Un compromis temporaire discuté avec Oman
Le président américain, en déplacement en Californie, a affirmé mardi que les discussions en cours étaient « très bonnes » et que Téhéran voulait conclure. Interrogé de nouveau avant d'embarquer à bord d'Air Force One pour Las Vegas, il a estimé qu'un accord pourrait intervenir « demain (mercredi) ou le jour d'après ».
Le secrétaire d'État américain Marco Rubio avait évoqué mardi des « progrès » dans les pourparlers avec l'Iran et Oman, les deux pays riverains du détroit d'Ormuz. Selon Axios, qui cite des « sources régionales », le schéma discuté porterait sur un dispositif transitoire de 60 jours pour organiser la navigation entre les eaux iraniennes et omanaises.
D'après Axios, les navires entrant dans le détroit utiliseraient une route septentrionale située dans les eaux iraniennes, tandis que les bâtiments sortants emprunteraient un couloir méridional dans les eaux contrôlées par Oman. Le projet ne prévoirait ni péage ni droit de passage, et la voie centrale serait déminée pendant cette période de 60 jours.
Le dossier nucléaire reste lié à la réouverture
L'émir du Qatar cheikh Tamim ben Hamad al-Thani et Donald Trump se sont entretenus mardi par téléphone des efforts visant à « apaiser les tensions » entre Washington et Téhéran et à « rapprocher les deux parties », selon un communiqué du palais qatari. L'Iran avait toutefois démenti lundi toute négociation directe avec Washington, en affirmant discuter avec Oman.
Le protocole d'accord signé en juin avait lancé un processus de 60 jours destiné à mettre fin durablement à la guerre au Moyen-Orient et à traiter plusieurs dossiers, dont le programme nucléaire iranien. Il avait aussi permis une reprise du trafic dans le détroit, fermé par l'Iran depuis le début de la guerre, tandis que les États-Unis avaient imposé en retour un blocus des ports iraniens.
Selon l'Energy Information Administration américaine, les flux de brut, condensats et produits pétroliers par Ormuz sont tombés à 14,6 millions de barils par jour au premier trimestre 2026, contre 20,7 millions au quatrième trimestre 2025. Les flux de GNL y ont reculé à 7,3 milliards de pieds cubes par jour sur la même période, contre 10,1 milliards au trimestre précédent, d'après les données publiées par l'agence en mai 2026.
Le marché pétrolier réagit aux signaux diplomatiques
La reprise des échanges diplomatiques a pesé sur les cours du pétrole à Wall Street, puis sur les marchés asiatiques mercredi matin. À 03H30, le Brent de la mer du Nord cédait 1,12 %, à 78,47 dollars le baril, tandis que le WTI américain reculait de 1,37 %, à 74,73 dollars.
L'amélioration née du protocole de juin avait été brève. Les hostilités ont repris début juillet, ce qui a fait éclater l'accord, et l'Iran a durci ses contrôles après la reprise des frappes américaines.

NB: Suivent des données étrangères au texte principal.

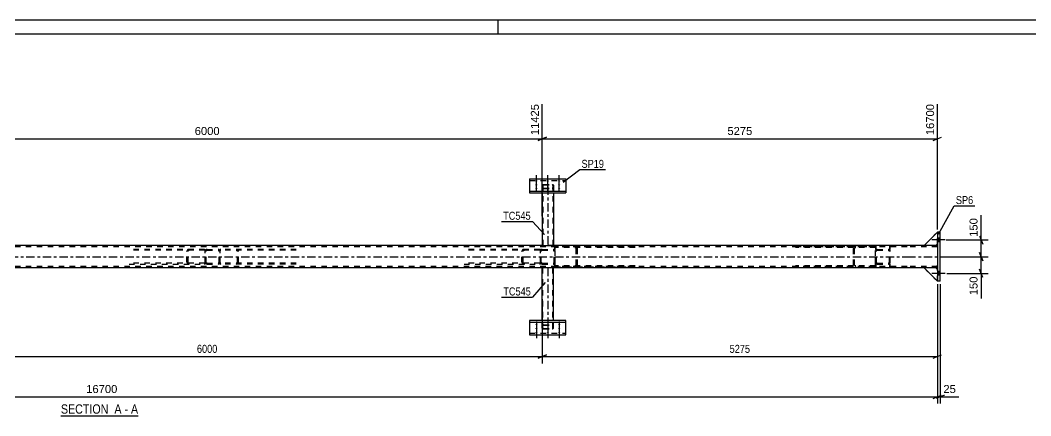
# Model space of a CAD drawing. Header units: millimetres. Extents: x 0 to 1189, y 0 to 841.
# Drawn here: x 387.8 to 749.7, y 699.4 to 841 of the extents above; entities that cross this region are included whole.
import ezdxf

# ---------------------------------------------------------------- set-up
doc = ezdxf.new("R2010")
doc.units = ezdxf.units.MM
doc.linetypes.add('DXK_LINE_DOT2', pattern=[3.9198, 1.9599, -1.9599])
doc.linetypes.add('DXK_LINE_DOT3', pattern=[5.9187, 2.979, -0.9799, 0.9799, -0.9799])
doc.styles.add('Arial', font='ARIAL.TTF', dxfattribs={"height": 0.2})
doc.styles.add('Arial Narrow', font='ARIALN.TTF', dxfattribs={"height": 0.2})

# ---------------------------------------------------------------- blocks, each defined once
blk = doc.blocks.new('Unknown-717048542-1133')
at = {"color": 5, "linetype": 'Continuous'}
for p, q in [((1189, 841), (0, 841)), ((559, 836), (559, 841)), ((1184, 836), (5, 836))]:
    blk.add_line(p, q, dxfattribs=at)
blk = doc.blocks.new('Unknown-717048542-20 - 5315')
at = {"color": 6, "linetype": 'Continuous'}
blk.add_line((402.39, 699.36), (430.04, 699.36), dxfattribs=at)
at = {"color": 0, "linetype": 'Continuous'}
blk.add_wipeout([(420.5, 700.11), (420.5, 703.61), (402.39, 703.61), (402.39, 700.11)], dxfattribs=at)
at = {"color": 7, "linetype": 'Continuous', "style": 'Arial Narrow'}
blk.add_text('SECTION ', height=3.34, dxfattribs=at).set_placement((402.39, 700.11))
at = {"color": 0, "linetype": 'Continuous'}
blk.add_wipeout([(424.1, 700.11), (424.1, 703.61), (421.55, 703.61), (421.55, 700.11)], dxfattribs=at)
blk.add_wipeout([(426.43, 700.11), (426.43, 703.61), (425.15, 703.61), (425.15, 700.11)], dxfattribs=at)
at = {"color": 7, "linetype": 'Continuous', "style": 'Arial Narrow'}
blk.add_text('A', height=3.34, dxfattribs=at).set_placement((421.55, 700.11))
at = {"color": 0, "linetype": 'Continuous'}
blk.add_wipeout([(430.04, 700.11), (430.04, 703.61), (427.48, 703.61), (427.48, 700.11)], dxfattribs=at)
at = {"color": 7, "linetype": 'Continuous', "style": 'Arial Narrow'}
for s, p in [('A', (427.48, 700.11)), ('-', (425.15, 700.11))]:
    blk.add_text(s, height=3.34, dxfattribs=at).set_placement(p)
blk = doc.blocks.new('Part-717048542-5407 - 5315')
at = {"color": 7, "linetype": 'DXK_LINE_DOT2'}
for p, q in [((711.48, 760.32), (716.28, 765.12)), ((716.28, 765.12), (716.28, 760.92)), ((715.68, 760.32), (711.48, 760.32)), ((716.28, 760.92), (715.68, 760.32))]:
    blk.add_line(p, q, dxfattribs=at)
blk = doc.blocks.new('Part-717048542-5328 - 5315')
at = {"color": 7, "linetype": 'DXK_LINE_DOT2'}
for p, q in [((694.35, 753.68), (694.1, 753.68)), ((694.1, 753.68), (694.1, 752.48)), ((694.11, 752.48), (694.11, 753.68)), ((694.34, 752.48), (694.34, 753.68)), ((694.35, 752.48), (694.35, 753.68)), ((694.1, 752.48), (694.35, 752.48))]:
    blk.add_line(p, q, dxfattribs=at)
blk = doc.blocks.new('Part-717048542-5327 - 5315')
at = {"color": 7, "linetype": 'DXK_LINE_DOT2'}
for p, q in [((579.39, 760.16), (579.15, 760.16)), ((579.15, 760.16), (579.15, 758.96)), ((579.39, 758.96), (579.39, 760.16)), ((579.15, 758.96), (579.39, 758.96))]:
    blk.add_line(p, q, dxfattribs=at)
blk = doc.blocks.new('Part-717048542-5329 - 5315')
at = {"color": 7, "linetype": 'DXK_LINE_DOT2'}
for p, q in [((699.38, 753.68), (699.14, 753.68)), ((699.14, 753.68), (699.14, 752.48)), ((699.38, 752.48), (699.38, 753.68)), ((699.14, 752.48), (699.38, 752.48))]:
    blk.add_line(p, q, dxfattribs=at)
blk = doc.blocks.new('Bolt-717048542-5461 - 5315')
at = {"linetype": 'Continuous'}
for points in [[(572.65, 783.29), (572.56, 783.29), (572.48, 783.3), (572.4, 783.32), (572.33, 783.34), (572.27, 783.37), (572.24, 783.4), (572.22, 783.43), (572.22, 783.46), (572.24, 783.49), (572.27, 783.52), (572.33, 783.54), (572.4, 783.56), (572.48, 783.58), (572.56, 783.59), (572.65, 783.59), (572.75, 783.59), (572.83, 783.58), (572.91, 783.56), (572.98, 783.54), (573.04, 783.52), (573.07, 783.49), (573.09, 783.46), (573.09, 783.43), (573.07, 783.4), (573.04, 783.37), (572.98, 783.34), (572.91, 783.32), (572.83, 783.3), (572.75, 783.29)], [(572.65, 781.89), (572.56, 781.89), (572.48, 781.9), (572.4, 781.92), (572.33, 781.94), (572.27, 781.96), (572.24, 781.99), (572.22, 782.02), (572.22, 782.06), (572.24, 782.09), (572.27, 782.11), (572.33, 782.14), (572.4, 782.16), (572.48, 782.18), (572.56, 782.19), (572.65, 782.19), (572.75, 782.19), (572.83, 782.18), (572.91, 782.16), (572.98, 782.14), (573.04, 782.11), (573.07, 782.09), (573.09, 782.06), (573.09, 782.02), (573.07, 781.99), (573.04, 781.96), (572.98, 781.94), (572.91, 781.92), (572.83, 781.9), (572.75, 781.89)], [(576.75, 783.29), (576.66, 783.29), (576.58, 783.3), (576.5, 783.32), (576.43, 783.34), (576.37, 783.37), (576.34, 783.4), (576.32, 783.43), (576.32, 783.46), (576.34, 783.49), (576.37, 783.52), (576.43, 783.54), (576.5, 783.56), (576.58, 783.58), (576.66, 783.59), (576.75, 783.59), (576.85, 783.59), (576.93, 783.58), (577.01, 783.56), (577.08, 783.54), (577.14, 783.52), (577.17, 783.49), (577.19, 783.46), (577.19, 783.43), (577.17, 783.4), (577.14, 783.37), (577.08, 783.34), (577.01, 783.32), (576.93, 783.3), (576.85, 783.29)], [(580.85, 783.29), (580.76, 783.29), (580.68, 783.3), (580.6, 783.32), (580.53, 783.34), (580.47, 783.37), (580.44, 783.4), (580.42, 783.43), (580.42, 783.46), (580.44, 783.49), (580.47, 783.52), (580.53, 783.54), (580.6, 783.56), (580.68, 783.58), (580.76, 783.59), (580.85, 783.59), (580.95, 783.59), (581.03, 783.58), (581.11, 783.56), (581.18, 783.54), (581.24, 783.52), (581.27, 783.49), (581.29, 783.46), (581.29, 783.43), (581.27, 783.4), (581.24, 783.37), (581.18, 783.34), (581.11, 783.32), (581.03, 783.3), (580.95, 783.29)], [(580.85, 781.89), (580.76, 781.89), (580.68, 781.9), (580.6, 781.92), (580.53, 781.94), (580.47, 781.96), (580.44, 781.99), (580.42, 782.02), (580.42, 782.06), (580.44, 782.09), (580.47, 782.11), (580.53, 782.14), (580.6, 782.16), (580.68, 782.18), (580.76, 782.19), (580.85, 782.19), (580.95, 782.19), (581.03, 782.18), (581.11, 782.16), (581.18, 782.14), (581.24, 782.11), (581.27, 782.09), (581.29, 782.06), (581.29, 782.02), (581.27, 781.99), (581.24, 781.96), (581.18, 781.94), (581.11, 781.92), (581.03, 781.9), (580.95, 781.89)], [(572.65, 780.49), (572.56, 780.49), (572.48, 780.5), (572.4, 780.52), (572.33, 780.54), (572.27, 780.56), (572.24, 780.59), (572.22, 780.62), (572.22, 780.65), (572.24, 780.68), (572.27, 780.71), (572.33, 780.74), (572.4, 780.76), (572.48, 780.77), (572.56, 780.78), (572.65, 780.79), (572.75, 780.78), (572.83, 780.77), (572.91, 780.76), (572.98, 780.74), (573.04, 780.71), (573.07, 780.68), (573.09, 780.65), (573.09, 780.62), (573.07, 780.59), (573.04, 780.56), (572.98, 780.54), (572.91, 780.52), (572.83, 780.5), (572.75, 780.49)], [(576.75, 780.49), (576.66, 780.49), (576.58, 780.5), (576.5, 780.52), (576.43, 780.54), (576.37, 780.56), (576.34, 780.59), (576.32, 780.62), (576.32, 780.65), (576.34, 780.68), (576.37, 780.71), (576.43, 780.74), (576.5, 780.76), (576.58, 780.77), (576.66, 780.78), (576.75, 780.79), (576.85, 780.78), (576.93, 780.77), (577.01, 780.76), (577.08, 780.74), (577.14, 780.71), (577.17, 780.68), (577.19, 780.65), (577.19, 780.62), (577.17, 780.59), (577.14, 780.56), (577.08, 780.54), (577.01, 780.52), (576.93, 780.5), (576.85, 780.49)], [(580.85, 780.49), (580.76, 780.49), (580.68, 780.5), (580.6, 780.52), (580.53, 780.54), (580.47, 780.56), (580.44, 780.59), (580.42, 780.62), (580.42, 780.65), (580.44, 780.68), (580.47, 780.71), (580.53, 780.74), (580.6, 780.76), (580.68, 780.77), (580.76, 780.78), (580.85, 780.79), (580.95, 780.78), (581.03, 780.77), (581.11, 780.76), (581.18, 780.74), (581.24, 780.71), (581.27, 780.68), (581.29, 780.65), (581.29, 780.62), (581.27, 780.59), (581.24, 780.56), (581.18, 780.54), (581.11, 780.52), (581.03, 780.5), (580.95, 780.49)]]:
    blk.add_hatch(color=1, dxfattribs=at).paths.add_polyline_path(points)
at = {"color": 1, "linetype": 'Continuous'}
for p, q in [((572.65, 782.35), (572.65, 785.47)), ((576.75, 782.35), (576.75, 785.47)), ((580.85, 782.35), (580.85, 785.47)), ((572.65, 780.95), (572.65, 784.07)), ((572.65, 779.55), (572.65, 782.67)), ((576.75, 779.55), (576.75, 782.67)), ((580.85, 780.95), (580.85, 784.07)), ((580.85, 779.55), (580.85, 782.67))]:
    blk.add_line(p, q, dxfattribs=at)
blk = doc.blocks.new('Part-717048542-5326 - 5315')
at = {"color": 7, "linetype": 'DXK_LINE_DOT2'}
for p, q in [((579.39, 753.68), (579.15, 753.68)), ((579.15, 753.68), (579.15, 752.48)), ((579.39, 752.48), (579.39, 753.68)), ((579.15, 752.48), (579.39, 752.48))]:
    blk.add_line(p, q, dxfattribs=at)
blk = doc.blocks.new('Part-717048542-5330 - 5315')
at = {"color": 7, "linetype": 'DXK_LINE_DOT2'}
for p, q in [((694.35, 760.16), (694.1, 760.16)), ((694.1, 760.16), (694.1, 758.96)), ((694.11, 760.16), (694.11, 758.96)), ((694.34, 758.96), (694.34, 760.16)), ((694.35, 758.96), (694.35, 760.16)), ((694.1, 758.96), (694.35, 758.96))]:
    blk.add_line(p, q, dxfattribs=at)
blk = doc.blocks.new('Part-717048542-5331 - 5315')
at = {"color": 7, "linetype": 'DXK_LINE_DOT2'}
for p, q in [((699.38, 760.16), (699.14, 760.16)), ((699.14, 760.16), (699.14, 758.96)), ((699.38, 758.96), (699.38, 760.16)), ((699.14, 758.96), (699.38, 758.96))]:
    blk.add_line(p, q, dxfattribs=at)
blk = doc.blocks.new('Part-717048542-5409 - 5315')
at = {"color": 7, "linetype": 'DXK_LINE_DOT2'}
for p, q in [((711.48, 760.32), (716.28, 765.12)), ((716.28, 765.12), (716.28, 760.92)), ((715.68, 760.32), (711.48, 760.32)), ((716.28, 760.92), (715.68, 760.32))]:
    blk.add_line(p, q, dxfattribs=at)
blk = doc.blocks.new('Part-717048542-5338 - 5315')
at = {"color": 7, "linetype": 'DXK_LINE_DOT2'}
for p, q in [((573.84, 758.96), (546.77, 758.96)), ((573.84, 758.64), (546.77, 758.64)), ((567.53, 758.57), (567.47, 758.32)), ((567.47, 754.32), (567.47, 758.32)), ((567.91, 758.32), (567.94, 758.44)), ((567.91, 754.32), (567.91, 758.32)), ((568.35, 758.96), (568.01, 758.91)), ((568.18, 758.62), (568.35, 758.64)), ((574.1, 758.92), (573.84, 758.96)), ((573.84, 758.64), (574.01, 758.62)), ((574.01, 758.62), (574.1, 758.57)), ((574.1, 753.72), (574.1, 758.92)), ((573.84, 754), (546.77, 754)), ((546.77, 753.68), (573.84, 753.68)), ((567.47, 754.32), (567.53, 754.08)), ((567.94, 754.2), (567.91, 754.32)), ((568.01, 753.73), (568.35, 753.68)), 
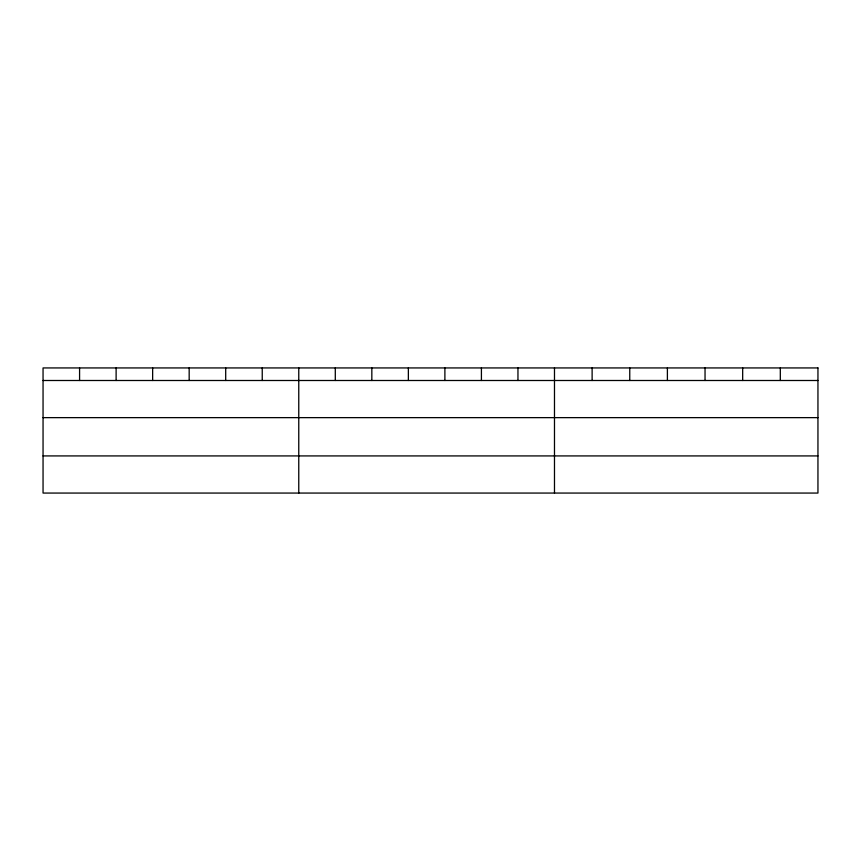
<?xml version="1.0" encoding="UTF-8"?>
<svg xmlns="http://www.w3.org/2000/svg" width="861" height="861" viewBox="0 0 861 861"><rect width="100%" height="100%" fill="white"/><g stroke="black" fill="none" stroke-linecap="round" stroke-linejoin="round"><path stroke-width="1.29" d="M43.05 380.497L817.95 380.497M43.05 417.639L817.95 417.639M43.05 455.921L817.95 455.921M780.314 367.938L780.314 380.497M742.677 367.938L742.677 380.497M705.041 367.938L705.041 380.497M667.393 367.938L667.393 380.497M629.757 367.938L629.757 380.497M592.12 367.938L592.12 380.497M554.484 367.938L554.484 493.062M517.956 367.938L517.956 380.497M481.417 367.938L481.417 380.497M444.889 367.938L444.889 380.497M408.362 367.938L408.362 380.497M371.834 367.938L371.834 380.497M335.295 367.938L335.295 380.497M298.767 367.938L298.767 493.062M262.239 367.938L262.239 380.497M225.7 367.938L225.7 380.497M189.172 367.938L189.172 380.497M152.645 367.938L152.645 380.497M116.117 367.938L116.117 380.497M79.578 367.938L79.578 380.497M817.95 367.938L43.05 367.938L43.05 493.062L817.95 493.062L817.95 367.938"/></g></svg>

Les navires qui tentent de franchir le détroit sans autorisation de Téhéran sont régulièrement visés.
Dans la nuit de lundi à mardi, un cargo qui essayait de traverser le détroit a été touché par un projectile, provoquant un incendie. Un membre d'équipage est porté disparu, selon la société de sécurité britannique Vanguard Tech.
Les exigences iraniennes se heurtent à Washington
L'Iran refuse un retour au régime de navigation antérieur à la guerre et n'autorise actuellement qu'un itinéraire longeant ses côtes. Téhéran envisage des frais de service, rejetés par les États-Unis et d'autres pays et contraires au droit international de la mer.
Donald Trump a déjà menacé ces derniers jours de « frapper fort » la République islamique avant de suspendre ses plans. Depuis le début du conflit, le président américain alterne déclarations optimistes sur une issue négociée et avertissements militaires contre l'Iran.
En mer Rouge, autre front rouvert depuis la reprise des hostilités mi-juillet entre les rebelles houthis du Yémen, alliés de l'Iran, et l'Arabie saoudite, un navire indien a coulé mardi après une attaque, selon un responsable local yéménite. Les autorités indiennes ont indiqué que les 14 membres d'équipage avaient été secourus.
Le gouvernement yéménite a attribué cette attaque aux Houthis. Ces rebelles ont annoncé le 20 juillet un blocus maritime des ports saoudiens et ont visé plusieurs navires, avant des frappes de représailles menées par la coalition militaire dirigée par Riyad contre des installations militaires houthies.